**Task goal**
The lines to reproduce run from the first one below to the line containing "M_addedMass = [1.3169", both included. Reproduce them exactly and nothing else.

(Entries taken from a collection)
-*-

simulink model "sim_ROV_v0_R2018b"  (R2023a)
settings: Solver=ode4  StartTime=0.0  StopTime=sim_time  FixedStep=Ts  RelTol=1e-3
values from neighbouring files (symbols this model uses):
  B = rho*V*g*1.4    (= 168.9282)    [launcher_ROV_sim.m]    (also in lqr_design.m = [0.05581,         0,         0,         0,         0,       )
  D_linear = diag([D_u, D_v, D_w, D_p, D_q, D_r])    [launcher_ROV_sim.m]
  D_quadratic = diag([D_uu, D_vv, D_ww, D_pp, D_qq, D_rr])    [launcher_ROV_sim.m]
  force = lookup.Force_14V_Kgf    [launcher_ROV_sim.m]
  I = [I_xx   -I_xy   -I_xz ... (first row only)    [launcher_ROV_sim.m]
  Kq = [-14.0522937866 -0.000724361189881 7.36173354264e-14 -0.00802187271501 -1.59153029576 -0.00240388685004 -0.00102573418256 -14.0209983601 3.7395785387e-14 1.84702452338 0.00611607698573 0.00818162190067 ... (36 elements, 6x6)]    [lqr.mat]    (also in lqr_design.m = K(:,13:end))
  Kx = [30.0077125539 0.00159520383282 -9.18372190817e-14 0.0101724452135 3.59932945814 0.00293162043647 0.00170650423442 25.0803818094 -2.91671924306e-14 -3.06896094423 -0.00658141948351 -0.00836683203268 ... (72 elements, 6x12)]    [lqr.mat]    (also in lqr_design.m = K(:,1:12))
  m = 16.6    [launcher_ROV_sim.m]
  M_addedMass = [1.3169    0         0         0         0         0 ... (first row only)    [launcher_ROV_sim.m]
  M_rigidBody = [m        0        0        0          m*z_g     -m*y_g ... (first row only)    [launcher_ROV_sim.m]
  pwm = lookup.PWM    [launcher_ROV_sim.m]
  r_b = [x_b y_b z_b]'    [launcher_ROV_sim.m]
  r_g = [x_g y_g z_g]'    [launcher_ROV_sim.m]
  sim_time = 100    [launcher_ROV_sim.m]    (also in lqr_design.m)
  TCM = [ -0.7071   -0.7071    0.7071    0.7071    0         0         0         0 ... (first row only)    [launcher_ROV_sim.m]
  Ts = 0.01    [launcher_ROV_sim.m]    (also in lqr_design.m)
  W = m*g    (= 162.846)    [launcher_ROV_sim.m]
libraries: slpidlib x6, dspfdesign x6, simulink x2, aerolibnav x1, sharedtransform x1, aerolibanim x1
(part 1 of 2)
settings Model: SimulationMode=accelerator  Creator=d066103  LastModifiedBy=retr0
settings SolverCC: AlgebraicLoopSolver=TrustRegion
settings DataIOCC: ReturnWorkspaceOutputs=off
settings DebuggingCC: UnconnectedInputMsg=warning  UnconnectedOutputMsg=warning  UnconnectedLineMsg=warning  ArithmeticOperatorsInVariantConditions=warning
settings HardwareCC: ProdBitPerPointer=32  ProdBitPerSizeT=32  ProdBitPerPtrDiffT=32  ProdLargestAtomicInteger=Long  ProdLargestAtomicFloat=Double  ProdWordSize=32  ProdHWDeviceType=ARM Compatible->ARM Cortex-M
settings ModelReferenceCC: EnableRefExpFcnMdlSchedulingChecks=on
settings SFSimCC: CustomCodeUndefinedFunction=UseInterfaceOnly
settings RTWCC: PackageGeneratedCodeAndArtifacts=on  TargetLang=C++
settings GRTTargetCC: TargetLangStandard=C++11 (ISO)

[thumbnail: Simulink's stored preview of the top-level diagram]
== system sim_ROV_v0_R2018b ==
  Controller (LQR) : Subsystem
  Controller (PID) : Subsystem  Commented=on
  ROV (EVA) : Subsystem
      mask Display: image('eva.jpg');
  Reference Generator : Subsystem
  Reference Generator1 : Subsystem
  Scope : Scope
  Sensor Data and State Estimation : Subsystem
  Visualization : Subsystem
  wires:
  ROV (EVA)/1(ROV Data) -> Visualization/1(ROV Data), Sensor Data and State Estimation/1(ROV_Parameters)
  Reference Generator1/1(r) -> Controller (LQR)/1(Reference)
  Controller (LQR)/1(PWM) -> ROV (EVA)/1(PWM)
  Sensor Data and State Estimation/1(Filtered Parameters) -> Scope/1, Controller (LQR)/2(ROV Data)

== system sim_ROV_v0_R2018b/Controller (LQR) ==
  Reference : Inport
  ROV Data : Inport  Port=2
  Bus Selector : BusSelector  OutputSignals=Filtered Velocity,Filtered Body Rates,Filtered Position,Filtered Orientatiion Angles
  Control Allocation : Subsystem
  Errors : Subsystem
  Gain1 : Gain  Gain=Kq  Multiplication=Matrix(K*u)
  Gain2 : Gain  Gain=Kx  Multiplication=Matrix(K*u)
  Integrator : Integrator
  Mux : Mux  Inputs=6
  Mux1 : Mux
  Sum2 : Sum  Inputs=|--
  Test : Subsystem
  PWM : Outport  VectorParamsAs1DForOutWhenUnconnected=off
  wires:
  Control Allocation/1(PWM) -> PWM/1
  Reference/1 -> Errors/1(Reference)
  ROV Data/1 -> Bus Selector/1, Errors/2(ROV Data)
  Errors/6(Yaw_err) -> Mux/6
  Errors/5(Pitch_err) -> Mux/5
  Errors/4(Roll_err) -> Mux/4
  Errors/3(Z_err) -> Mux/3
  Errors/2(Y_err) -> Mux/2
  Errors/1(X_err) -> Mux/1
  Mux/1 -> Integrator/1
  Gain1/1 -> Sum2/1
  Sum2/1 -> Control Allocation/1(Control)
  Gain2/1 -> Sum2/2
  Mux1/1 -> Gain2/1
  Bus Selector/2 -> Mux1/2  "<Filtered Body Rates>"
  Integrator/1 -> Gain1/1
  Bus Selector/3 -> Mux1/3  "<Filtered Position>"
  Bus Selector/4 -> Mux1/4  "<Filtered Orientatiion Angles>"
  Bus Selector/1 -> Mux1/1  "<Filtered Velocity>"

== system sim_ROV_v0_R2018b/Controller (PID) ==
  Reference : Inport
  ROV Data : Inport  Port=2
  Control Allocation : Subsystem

-*-

**Written answer**
simulink model "sim_ROV_v0_R2018b"  (R2023a)
settings: Solver=ode4  StartTime=0.0  StopTime=sim_time  FixedStep=Ts  RelTol=1e-3
values from neighbouring files (symbols this model uses):
  B = rho*V*g*1.4    (= 168.9282)    [launcher_ROV_sim.m]    (also in lqr_design.m = [0.05581,         0,         0,         0,         0,       )
  D_linear = diag([D_u, D_v, D_w, D_p, D_q, D_r])    [launcher_ROV_sim.m]
  D_quadratic = diag([D_uu, D_vv, D_ww, D_pp, D_qq, D_rr])    [launcher_ROV_sim.m]
  force = lookup.Force_14V_Kgf    [launcher_ROV_sim.m]
  I = [I_xx   -I_xy   -I_xz ... (first row only)    [launcher_ROV_sim.m]
  Kq = [-14.0522937866 -0.000724361189881 7.36173354264e-14 -0.00802187271501 -1.59153029576 -0.00240388685004 -0.00102573418256 -14.0209983601 3.7395785387e-14 1.84702452338 0.00611607698573 0.00818162190067 ... (36 elements, 6x6)]    [lqr.mat]    (also in lqr_design.m = K(:,13:end))
  Kx = [30.0077125539 0.00159520383282 -9.18372190817e-14 0.0101724452135 3.59932945814 0.00293162043647 0.00170650423442 25.0803818094 -2.91671924306e-14 -3.06896094423 -0.00658141948351 -0.00836683203268 ... (72 elements, 6x12)]    [lqr.mat]    (also in lqr_design.m = K(:,1:12))
  m = 16.6    [launcher_ROV_sim.m]
  M_addedMass = [1.3169    0         0         0         0         0 ... (first row only)    [launcher_ROV_sim.m]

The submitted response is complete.